Task directions:
From the very first line of the records through the line that contains "line L1 (2.3813, 1.3748) -> (0, 2.7496)", repeat everything exactly except the pictures, and add nothing.

Entries shown:
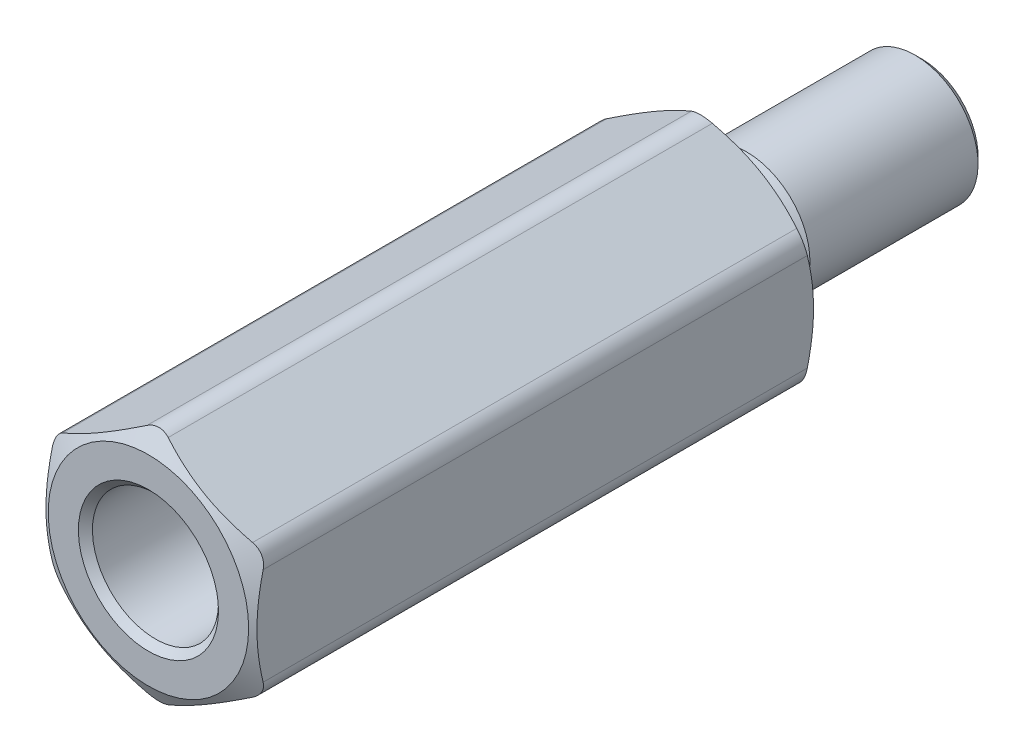
SolidWorks part; units mm, degrees
material "6061-T6 (SS)"
ref_plane "Front Plane" through (0, 0, 0) normal (0, 0, 1) x (1, 0, 0)
ref_plane "Top Plane" through (0, 0, 0) normal (0, 1, 0) x (1, 0, 0)
ref_plane "Right Plane" through (0, 0, 0) normal (1, 0, 0) x (0, 0, -1)
sketch "Sketch1" plane through (0, 0, 0) normal (0, 0, 1) x (1, 0, 0)
  line L1 (2.3813, 1.3748) -> (0, 2.7496)
  line L2 (0, 2.7496) -> (-2.3813, 1.3748)
  line L3 (-2.3813, 1.3748) -> (-2.3813, -1.3748)
  line L4 (-2.3813, -1.3748) -> (0, -2.7496)
  line L5 (0, -2.7496) -> (2.3813, -1.3748)
  line L6 (2.3813, -1.3748) -> (2.3813, 1.3748)
  circle A0 centre (0, 0) radius 2.3813 construction
  point P10 (0, -2.3813)
  dimension "Hex Size" = 4.7625
sketch "Sketch2" plane through (0, 0, 0) normal (1, 0, 0) x (0, 0, -1)
  line L0 (4.7625, 0) -> (-12.7, 0) construction
  line L2 (0, 1.4224) -> (0, -1.4224) construction
  line L3 (-6.35, 1.4224) -> (-6.35, -1.4224) construction
  line L4 (-13.4441, 1.5083) -> (-13.0473, 0.8209) construction
  line L5 (-13.0473, 0.8209) -> (-12.6504, 1.5083) construction
  line L6 (-12.6504, 1.5083) -> (-13.4441, 1.5083) construction
  line L7 (-13.3945, 1.4224) -> (-12.7, 1.4224) construction
  line L8 (-13.0969, 0.9068) -> (-12.9977, 0.9068) construction
  line L9 (-13.0473, 0.9068) -> (-13.0473, 0.8209) construction
  line L10 (-13.0473, 1.4224) -> (-13.0473, 1.5083) construction
  line L11 (4.7228, 1.4911) -> (5.3578, 1.4911) construction
  line L12 (5.3578, 1.4911) -> (5.0403, 0.9412) construction
  line L13 (5.0403, 0.9412) -> (4.7228, 1.4911) construction
  line L14 (4.7625, 1.4224) -> (5.3181, 1.4224) construction
  line L15 (5.0006, 1.01) -> (5.08, 1.01) construction
  line L16 (5.0403, 1.01) -> (5.0403, 0.9412) construction
  line L17 (5.0403, 1.4224) -> (5.0403, 1.4911) construction
  line L18 (0, 2.7496) -> (-12.7, 2.7496) construction
  point P6 (0, 0)
  point P9 (-6.35, 0)
  dimension "Length" = 12.7
sketch "Sketch3" plane through (0, 0, 0) normal (1, 0, 0) x (0, 0, -1)
  line L0 (-6.35, 0) -> (4.7625, 0)
  line L1 (-6.35, 1.4224) -> (-6.35, -1.4224) construction
  line L2 (4.7625, 0) -> (4.7625, 1.2636)
  line L3 (4.7625, 1.2636) -> (4.6038, 1.4224)
  line L4 (4.6038, 1.4224) -> (0.8096, 1.4224)
  line L5 (0.8096, 1.4224) -> (0.5715, 1.01)
  line L6 (-6.35, 0) -> (-6.35, 1.2637)
  line L7 (-6.35, 1.2637) -> (-6.5088, 1.4224)
  line L8 (-6.5088, 1.4224) -> (-12.5412, 1.4224)
  line L9 (-12.5412, 1.4224) -> (-12.7, 1.5811)
  line L10 (4.6038, 0) -> (4.6038, -1.4224) construction
  line L11 (-12.7, 1.5811) -> (-12.7, 2.3812)
  line L12 (-12.7, 2.3812) -> (0, 2.3812)
  line L14 (0.5715, 1.01) -> (0.1587, 1.01)
  line L15 (0, 1.1687) -> (0, 2.3812)
  arc A0 (0, 1.1687) -> (0.1587, 1.01) centre (0.1587, 1.1687) ccw
  point P5 (-12.7, -2.3813)
  point P8 (-10.7156, -1.4224)
  point P9 (3.175, -1.4224)
  point P27 (0, 1.01)
  dimension "D4" = 0.1588
  dimension "D2" = 0.1588
  dimension "D1" = 45
  dimension "D6" = 1.5875
  dimension "D7" = 60
  dimension "D3" = 1.9844
  dimension "D5" = 0.5715
revolve "Revolve1" add sketch "Sketch3" angle 360 about L0 region at (0, 1.2292, 3.2483)
sketch "Sketch4" plane through (0, 0, 12.7) normal (0, 0, 1) x (1, 0, 0)
  line L0 (0, 2.3812) -> (0, 1.4224) construction
  line L1 (-2.3813, 1.3748) -> (-2.3813, -1.3748)
  line L2 (-2.3813, -1.3748) -> (0, -2.7496)
  line L3 (0, -2.7496) -> (2.3813, -1.3748)
  line L4 (2.3813, -1.3748) -> (2.3812, 1.3748)
  line L5 (2.3812, 1.3748) -> (0, 2.7496)
  line L6 (0, 2.7496) -> (-2.3813, 1.3748)
  circle A0 centre (0, 0) radius 2.3813 construction
  circle A1 centre (0, 0) radius 1.9018
  circle A2 centre (0, 0) radius 2.3813 construction
  point P16 (0, 1.9018)
extrude "Boss-Extrude1" add sketch "Sketch4" against normal up to surface (12.7 mm away) up to face at (0, 2.3812, 0)
sketch "Sketch5" plane through (0, 0, 12.7) normal (0, 0, 1) x (1, 0, 0)
  line L0 (-0.8159, 1.1652) -> (0.8159, -1.1652) construction
  line L1 (0, 1.4224) -> (0, -1.4224) construction
  line L3 (0, -2.9435) -> (0, 2.9435) construction
  circle A0 centre (0, 0) radius 2.2622
  point P11 (0.8159, -1.1652)
  dimension "D1" = 4.5244
  dimension "D2" = 35
extrude "Cut-Extrude1" cut sketch "Sketch5" against normal through all draft 60 flip side to cut
sketch "Sketch6" plane through (0, 0, 0) normal (0, 0, -1) x (-1, 0, 0)
  circle A0 centre (0, 0) radius 2.2622
  circle A1 centre (0, 0) radius 2.2622 construction
extrude "Cut-Extrude2" cut sketch "Sketch6" against normal through all draft 60 flip side to cut
fillet "Fillet1" radius 0.4763 6 edges at (0, 2.7496, 6.35) (-2.3813, -1.3748, 6.35) (0, -2.7496, 6.35) (2.3813, -1.3748, 6.35) (2.3812, 1.3748, 6.35) (-2.3813, 1.3748, 6.35)
sketch "Drawing1" plane through (0, 0, 0) normal (1, 0, 0) x (0, 0, -1)
  line L0 (-12.7, 1.4224) -> (-6.35, 1.4224) construction
  line L1 (-6.35, 1.4224) -> (-6.35, -1.4224) construction
  line L2 (-6.35, -1.4224) -> (-12.7, -1.4224) construction
sketch "Sketch7" [suppressed] plane through (0, 0, 0) normal (-1, 0, 0) x (0, 0, 1)
  line L0 (-5.0006, 1.01) -> (-5.08, 1.01)
  line L1 (-5.08, 1.01) -> (-5.338, 1.4568)
  line L2 (-5.3578, 1.4911) -> (-5.0403, 0.9412) construction
  line L3 (-5.338, 1.4568) -> (-4.7427, 1.4568)
  line L4 (-5.0403, 0.9412) -> (-4.7228, 1.4911) construction
  line L5 (-4.7427, 1.4568) -> (-5.0006, 1.01)
  line L6 (-5.0403, 1.4224) -> (-5.0403, 1.4911) construction
  point P12 (-5.0403, 1.4568)
sketch "Sketch8" [suppressed] plane through (0, 0, -4.7625) normal (0, 0, -1) x (-1, 0, 0)
  circle A0 centre (0, 0) radius 1.4224
curve "Helix/Spiral1" [suppressed] pitch 0.635 height 4.6196 turns 7.275
sweep "Cut-Sweep1" [suppressed] cut profiles "Sketch7" path "Helix/Spiral1"
sketch "Sketch9" [suppressed] plane through (0, 0, 6.35) normal (0, 0, 1) x (1, 0, 0)
  circle A0 centre (0, 0) radius 1.5811
extrude "Boss-Extrude2" [suppressed] add sketch "Sketch9" along normal up to surface (6.35 mm away)
sketch "Sketch10" [suppressed] plane through (0, 0, 0) normal (1, 0, 0) x (0, 0, -1)
  line L0 (4.7625, 0) -> (-12.7, 0) construction
  line L1 (-6.35, 1.4224) -> (-12.7, 1.4224)
  line L2 (-6.35, 1.4224) -> (-6.35, 0)
  line L3 (-6.35, 0) -> (-12.7, 0)
  line L4 (-12.7, 1.4224) -> (-12.7, 0)
revolve "Revolve2" [suppressed] add sketch "Sketch10" angle 360 about L0
sketch "Sketch11" [suppressed] plane through (0, 0, 12.7) normal (0, 0, 1) x (1, 0, 0)
  circle A0 centre (0, 0) radius 1.4224
  circle A1 centre (0, 0) radius 1.4224 construction
sketch "Sketch12" [suppressed] plane through (0, 0, 0) normal (1, 0, 0) x (0, 0, -1)
  line L0 (-13.0969, 0.9068) -> (-12.9977, 0.9068)
  line L1 (-12.9977, 0.9068) -> (-12.6752, 1.4654)
  line L2 (-13.0473, 0.8209) -> (-12.6504, 1.5083) construction
  line L3 (-12.6752, 1.4654) -> (-13.4193, 1.4654)
  line L4 (-13.4441, 1.5083) -> (-13.0473, 0.8209) construction
  line L5 (-13.4193, 1.4654) -> (-13.0969, 0.9068)
  line L6 (-13.0473, 1.4224) -> (-13.0473, 1.5083) construction
  point P12 (-13.0473, 1.4654)
curve "Helix/Spiral2" [suppressed] pitch 0.7937 height 7.1437 turns 9
sweep "Cut-Sweep2" [suppressed] cut profiles "Sketch12" path "Helix/Spiral2"
combine bodies "Combine1" [suppressed] operation type subtract main body 113 bodies to subtract 114
sketch "Sketch13" [suppressed] plane through (0, 0, 12.7) normal (0, 0, 1) x (1, 0, 0)
  circle A0 centre (0, 0) radius 1.4732
  dimension "D1" = 0.0508
extrude "Cut-Extrude3" [suppressed] cut sketch "Sketch13" against normal through all draft 45
equation "\"Thread Pitch (B)/8@Sketch2\"=\"Thread Pitch (B)@Sketch2\"/8"
equation "\"Thread Pitch (A)/8@Sketch2\"=\"Thread Pitch (A)@Sketch2\"/8"
equation "\"D1@Sketch5\" = \"Hex Size@Sketch1\" * .95"
equation "\"D1@Fillet1\" = \"Hex Size@Sketch1\" * .1"
equation "\"D2@Sketch3\" = \"Thread Pitch (A)@Sketch2\" * .25"
equation "\"D4@Sketch3\" = \"D2@Sketch3\""
equation "\"D6@Sketch3\" = \"Thread Pitch (A)@Sketch2\" * 2.5"
equation "\"D3@Helix/Spiral1\" = \"Thread Length (A)@Sketch2\" - \"D5@Sketch3\" * .25"
equation "\"D4@Helix/Spiral1\" = \"Thread Pitch (A)@Sketch2\""
equation "\"D3@Sketch3\" = \"Thread Pitch (B)@Sketch2\" * 2.5"
equation "\"D5@Sketch3\" = \"Thread Length (A)@Sketch2\" * .12"
equation "\"D3@Helix/Spiral2\" = \"Minimum Thread Length (B)@Sketch2\" + \"Thread Pitch (B)@Sketch2\""
equation "\"D4@Helix/Spiral2\" = \"Thread Pitch (B)@Sketch2\""
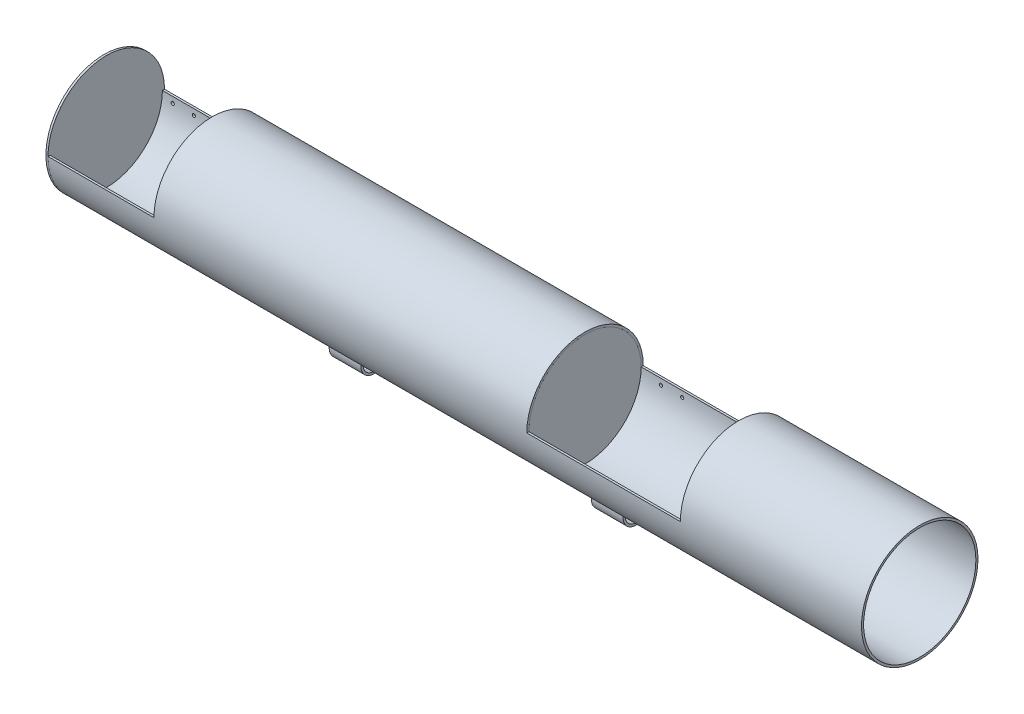
SolidWorks part; units mm, degrees
ref_plane "前视基准面" through (0, 0, 0) normal (0, 0, 1) x (1, 0, 0)
ref_plane "上视基准面" through (0, 0, 0) normal (0, 1, 0) x (1, 0, 0)
ref_plane "右视基准面" through (0, 0, 0) normal (1, 0, 0) x (0, 0, -1)
sketch "草图2" plane through (0, 0, 0) normal (1, 0, 0) x (0, 0, -1)
  circle A0 centre (0, 0) radius 55
  circle A1 centre (0, 0) radius 53
  dimension "D1" = 110
  dimension "D2" = 106
extrude "凸台-拉伸1" add sketch "草图2" along normal blind 768
ref_plane "基准面4" through (100, 0, 0) normal (1, 0, 0) x (0, 0, -1)
sketch "草图3" plane through (100, 0, 0) normal (1, 0, 0) x (0, 0, -1)
  circle A0 centre (0, 0) radius 53
extrude "凸台-拉伸2" add sketch "草图3" along normal blind 2 separate body
ref_plane "基准面5" through (400, 0, 0) normal (1, 0, 0) x (0, 0, -1)
ref_plane "基准面6" through (565, 0, 0) normal (1, 0, 0) x (0, 0, -1)
sketch "草图7" plane through (0, 0, 0) normal (1, 0, 0) x (0, 0, -1)
  circle A1 centre (0, 0) radius 55
extrude "凸台-拉伸5" add sketch "草图7" against normal blind 2 separate body
ref_plane "基准面7" through (102, 0, 0) normal (1, 0, 0) x (0, 0, -1)
ref_plane "基准面8" through (450, 0, 0) normal (1, 0, 0) x (0, 0, -1)
sketch "草图8" plane through (450, 0, 0) normal (1, 0, 0) x (0, 0, -1)
  circle A0 centre (0, 0) radius 53
extrude "凸台-拉伸6" add sketch "草图8" along normal blind 2 separate body
ref_plane "基准面9" through (507.5, 0, 0) normal (1, 0, 0) x (0, 0, -1)
ref_plane "基准面10" through (615, 0, 0) normal (1, 0, 0) x (0, 0, -1)
sketch "草图9" plane through (615, 0, 0) normal (1, 0, 0) x (0, 0, -1)
  circle A0 centre (0, 0) radius 53
sketch "草图12" plane through (0, 0, 0) normal (0, 0, 1) x (1, 0, 0)
  line L0 (615, 0) -> (565, 0)
  line L1 (615, -60.5) -> (615, 60.5) construction
  line L2 (768, 0) -> (0, 0) construction
  line L3 (565, -60.5) -> (565, 60.5) construction
sketch "草图14" plane through (0, 0, 0) normal (0, 1, 0) x (1, 0, 0)
  line L1 (452, 55) -> (597, 55)
  line L3 (452, 0) -> (597, 0)
  line L4 (597, 55) -> (597, 0)
  line L5 (768, 0) -> (0, 0) construction
  line L9 (452, 55) -> (452, 0)
  dimension "D3" = 145
ref_plane "基准面11" through (617, 0, 0) normal (1, 0, 0) x (0, 0, -1)
sketch "草图15" plane through (617, 0, 0) normal (1, 0, 0) x (0, 0, -1)
  circle A0 centre (0, 0) radius 53
revolve "切除-旋转1" cut sketch "草图14" angle 180 about L3
sketch "草图16" plane through (0, 0, 0) normal (0, 1, 0) x (1, 0, 0)
  line L0 (100, -60.5) -> (100, 60.5) construction
  line L1 (0, 0) -> (100, 0)
  line L2 (0, 0) -> (0, 55)
  line L3 (0, 55) -> (100, 55)
  line L4 (100, 0) -> (100, 55)
  line L5 (452, 55) -> (0, 55) construction
  dimension "D1" = 100
  dimension "D2" = 55
revolve "切除-旋转2" cut sketch "草图16" angle 180 about L1
ref_plane "基准面12" through (435, 0, 0) normal (1, 0, 0) x (0, 0, -1)
sketch "草图17" plane through (435, 0, 0) normal (1, 0, 0) x (0, 0, -1)
  line L0 (0, 77.9653) -> (0, -80.6413) construction
  circle A0 centre (0, -67) radius 12
  circle A1 centre (0, -67) radius 10
  circle A2 centre (0, 0) radius 55 construction
  dimension "D1" = 24
  dimension "D2" = 20
ref_plane "基准面13" through (200, 0, 0) normal (1, 0, 0) x (0, 0, -1)
ref_plane "基准面14" through (0, 0, -50) normal (0, 0, 1) x (1, 0, 0)
sketch "草图19" plane through (0, 0, -50) normal (0, 0, 1) x (1, 0, 0)
  line L0 (597, 0) -> (452, 0) construction
  line L1 (597, 55) -> (597, 0) construction
  line L2 (452, 0) -> (452, 53) construction
  circle A0 centre (574, -5.4) radius 1.5
  circle A1 centre (554, -5.4) radius 1.5
  circle A2 centre (495, -5.4) radius 1.5
  circle A3 centre (475, -5.4) radius 1.5
  dimension "D1" = 3
  dimension "D2" = 3
  dimension "D6" = 3
  dimension "D7" = 3
  dimension "D3" = 20
  dimension "D4" = 5.4
  dimension "D5" = 23
  dimension "D8" = 20
  dimension "D9" = 5.4
  dimension "D10" = 23
  dimension "D11" = 5.4
sketch "草图22" plane through (0, 0, -50) normal (0, 0, 1) x (1, 0, 0)
  line L0 (0, 0) -> (0, -55) construction
  line L1 (100, 55) -> (100, 0) construction
  line L2 (100, 0) -> (0, 0) construction
  circle A0 centre (10, -5.4) radius 1.5
  circle A1 centre (30, -5.4) radius 1.5
  circle A2 centre (70, -5.4) radius 1.5
  circle A3 centre (90, -5.4) radius 1.5
  dimension "D1" = 3
  dimension "D2" = 3
  dimension "D7" = 3
  dimension "D8" = 3
  dimension "D3" = 10
  dimension "D4" = 20
  dimension "D5" = 20
  dimension "D6" = 10
  dimension "D9" = 5.4
extrude "切除-拉伸4" cut sketch "草图22" against normal blind 30
ref_plane "基准面16" through (597, 0, 0) normal (1, 0, 0) x (0, 0, -1)
sketch "草图23" plane through (597, 0, 0) normal (1, 0, 0) x (0, 0, -1)
  circle A0 centre (0, 0) radius 53
extrude "凸台-拉伸13" add sketch "草图23" along normal blind 2 separate body
sketch "草图24" plane through (0, 0, -50) normal (0, 0, 1) x (1, 0, 0)
  line L0 (597, 0) -> (452, 0) construction
  line L1 (452, 0) -> (452, 55) construction
  line L2 (597, 55) -> (597, 0) construction
  circle A0 centre (471, -5.4) radius 1.5
  circle A1 centre (491, -5.4) radius 1.5
  circle A2 centre (558, -5.4) radius 1.5
  circle A3 centre (578, -5.4) radius 1.5
  dimension "D3" = 3
  dimension "D4" = 3
  dimension "D6" = 3
  dimension "D7" = 3
  dimension "D1" = 20
  dimension "D2" = 5.4
  dimension "D5" = 20
  dimension "D8" = 5.4
  dimension "D9" = 19
  dimension "D10" = 19
extrude "切除-拉伸5" cut sketch "草图24" against normal blind 30
ref_plane "基准面17" through (222.4934, 0, 0) normal (1, 0, 0) x (0, 0, -1)
sketch "草图25" plane through (222.4934, 0, 0) normal (1, 0, 0) x (0, 0, -1)
  circle A0 centre (0, -67) radius 12
  circle A1 centre (0, -67) radius 10
  circle A2 centre (0, 0) radius 55 construction
  dimension "D1" = 24
  dimension "D2" = 20
extrude "凸台-拉伸14" add sketch "草图25" along normal blind 30 separate body
ref_plane "基准面18" through (0, 0, 0) normal (1, 0, 0) x (0, 0, -1)
ref_plane "基准面19" through (470, 0, 0) normal (1, 0, 0) x (0, 0, -1)
sketch "草图26" plane through (470, 0, 0) normal (1, 0, 0) x (0, 0, -1)
  circle A0 centre (0, -67) radius 12
  circle A1 centre (0, -67) radius 10
extrude "凸台-拉伸15" add sketch "草图26" along normal blind 30 separate body

Problem solution:
SolidWorks part; units mm, degrees
material "6061-T6 (SS)"
ref_plane "Front Plane" through (0, 0, 0) normal (0, 0, 1) x (1, 0, 0)
ref_plane "Top Plane" through (0, 0, 0) normal (0, 1, 0) x (1, 0, 0)
ref_plane "Right Plane" through (0, 0, 0) normal (1, 0, 0) x (0, 0, -1)
sketch "Sketch1" plane through (0, 0, 0) normal (0, 0, 1) x (1, 0, 0)
  line L1 (2.3813, 1.3748) -> (0, 2.7496)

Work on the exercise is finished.